La mienne était de choisir exactement la personne qui ne m'allait pas. La fin était inscrite dans le début. Bobo jamais guéri obligeait. Je pense bien que c'est ces derniers mois que ça s'est enfin terminé.
Et, père ou mêre, tu sais déjà, c'est la même chose pour moi, à peu de choses près car les rôles, les stéréotypes et tout ça, je ne les vis pas, mais les combats tous les jours.
C'est vrai que la mère nous a porté/e, que le père a fourni des spermatozoïdes dans sa jouissance, mais pour le reste, ce sont des personnes qui sont ou pas des parents, dans les termes que tu décris.
Moi aussi je crois profondément que nous jouons tous et toutes un rôle important face aux enfants, ados, jeunes adultes qui nous entourent. Négatif, positif ou quelque part entre les deux.
Bises et câlins à volonté. Même si je sais bien qu'avec ton zoo, tu en as déjà à profusion, la tendresse, c'est jamais trop, non?
Zed ¦)
Juste comme ça, un lien, ça s'envoie. Toi aussi tu as été important pour Jocelyn et tu pourrais lui, vous faire un bien immense.
Ou encore, un texte, ça se réécrit et ça se poste...
Je suis très, très fière du chemin que tu as parcouru, tu sais... Ce n'est pas condescendant, c'est plutôt que tu donnes de l'espoir à bien d'autres.
Zed xx
Bel hommage à mon père. Que de souvenirs. Je m'assure qu'il lise ce texte.
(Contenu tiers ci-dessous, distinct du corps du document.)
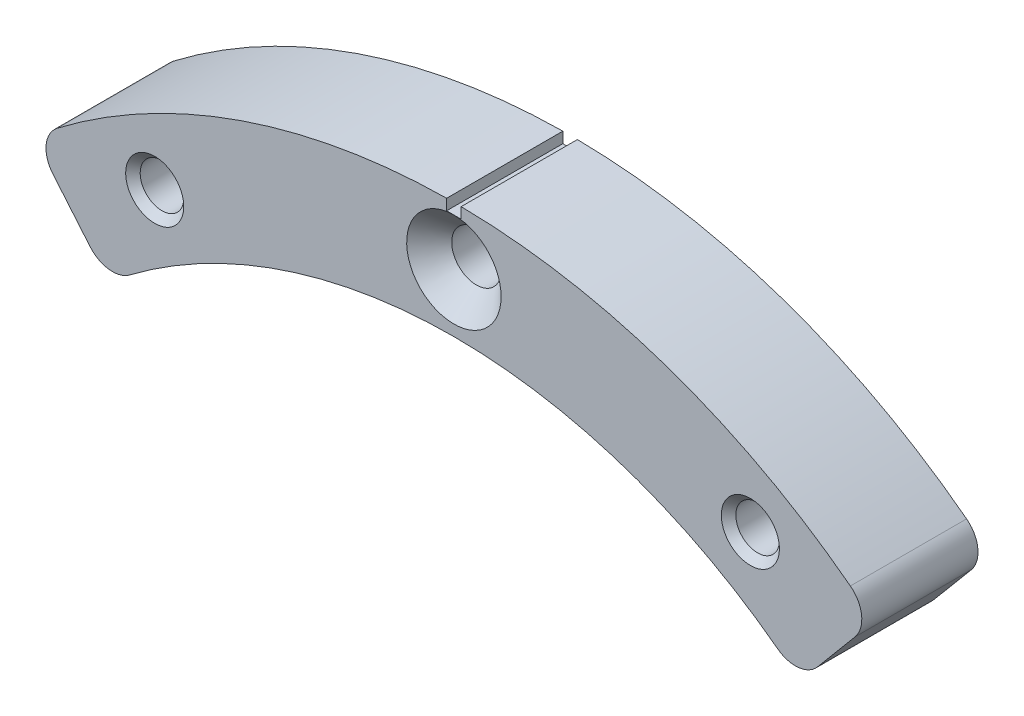
from build123d import *

# Parameters (mm, degrees)
EXTRUDE_1_DEPTH           = 8
HOLE_WIZARD_1_D           = 3.4
HOLE_WIZARD_1_DEPTH       = 10
HOLE_WIZARD_1_CSINK_D     = 6.5
HOLE_WIZARD_1_CSINK_ANGLE = 90
HOLE_WIZARD_1_TIP         = 1.021463052
FILLET_1_R                = 2
MM_2_D                    = 3
CHAMFER_1_SIZE            = 0.5
SKETCH_7_W                = 1
SKETCH_7_H                = 1.5
CUT_EXTRUDE_1_DEPTH       = 54.641089712


with BuildPart() as part:
    # 草图1 → 凸台-拉伸1 (new body)
    with BuildSketch(Plane.XY):
        with BuildLine():
            Line((-28.925442436, 34.47199994), (-23.783141558, 28.343644395))
            ThreePointArc((-23.783141558, 28.343644395), (0, 37), (23.783141558, 28.343644395))
            Line((23.783141558, 28.343644395), (28.925442436, 34.47199994))
            ThreePointArc((28.925442436, 34.47199994), (0, 45), (-28.925442436, 34.47199994))
        make_face()
    extrude(amount=EXTRUDE_1_DEPTH)

    # 打孔尺寸(%根据)内六角花形半沉头螺钉的类型1
    with Locations(Plane.XY.offset(8)):
        with Locations((0, 41)):
            CounterSinkHole(HOLE_WIZARD_1_D / 2, HOLE_WIZARD_1_CSINK_D / 2, depth=HOLE_WIZARD_1_DEPTH, counter_sink_angle=HOLE_WIZARD_1_CSINK_ANGLE)
            with Locations((0, 0, -(HOLE_WIZARD_1_DEPTH + HOLE_WIZARD_1_TIP / 2))):  # 118° drill point
                Cone(0, HOLE_WIZARD_1_D / 2, HOLE_WIZARD_1_TIP, mode=Mode.SUBTRACT)

    # 圆角1
    fillet_1_edges = [part.edges().sort_by_distance(p)[0] for p in [
        (-23.783141558, 28.343644395, 4),
        (-28.925442436, 34.47199994, 4),
        (28.925442436, 34.47199994, 4),
        (23.783141558, 28.343644395, 4),
    ]]
    fillet(fillet_1_edges, radius=FILLET_1_R)

    # 大小mm 暗销孔2 (through all)
    with Locations(Plane.XY.offset(8)):
        with Locations((20.406972636, 35.560588688), (-20.592886859, 35.453251061)):
            Hole(MM_2_D / 2)

    # 倒角1
    chamfer_1_edges = [part.edges().sort_by_distance(p)[0] for p in [
        (21.906972636, 35.560588688, 8),
        (-19.092886859, 35.453251061, 8),
    ]]
    chamfer(chamfer_1_edges, length=CHAMFER_1_SIZE)

    # 草图7 → 切除-拉伸1 (cut, through all)
    with BuildSketch(Plane.XY.offset(8)):
        with Locations((0, 45)):
            Rectangle(SKETCH_7_W, SKETCH_7_H)
    extrude(amount=-CUT_EXTRUDE_1_DEPTH, mode=Mode.SUBTRACT)


solid = part.part

Et, surtout, sache qu'il serait plus que content d'avoir de tes nouvelles. Tout comme pour moi, il n'y a pas d'AVANT et d'APRÈS; seulement une absence aux motifs encore inconnus.
xxx
Certains hommages sont si faciles à écrire. Vous avez été importants dans ma vie. Vous êtes venus boucher un énorme trou dont je ne connaissais même pas l'existence avant de vous rencontrer: l'affection.
Pour ce qui est de l'absence, c'est un vieux programme de mon disque dur, tout simplement. Pour ne pas décevoir et surtout, ne pas me sentir coupable d'un paquet de trucs, comme de ne plus donner de nouvelles et d'avoir à affronter cela dans le regard des gens que j'aime, tout simplement.
Mais la vie est un tout petit quartier et nos chemins se croiseront sûrement à une intersection quelconque dont nous ne connaissons pas encore l'existence.
xxx
Aucune culpabilité nécessaire. Ne pas donner de nouvelles aussi souvent qu'on voudrait fait (malheureusement) partie des réalités de nos vies trépidantes.
Au plaisir d'arriver à cette intersection.
Bonne rentrée!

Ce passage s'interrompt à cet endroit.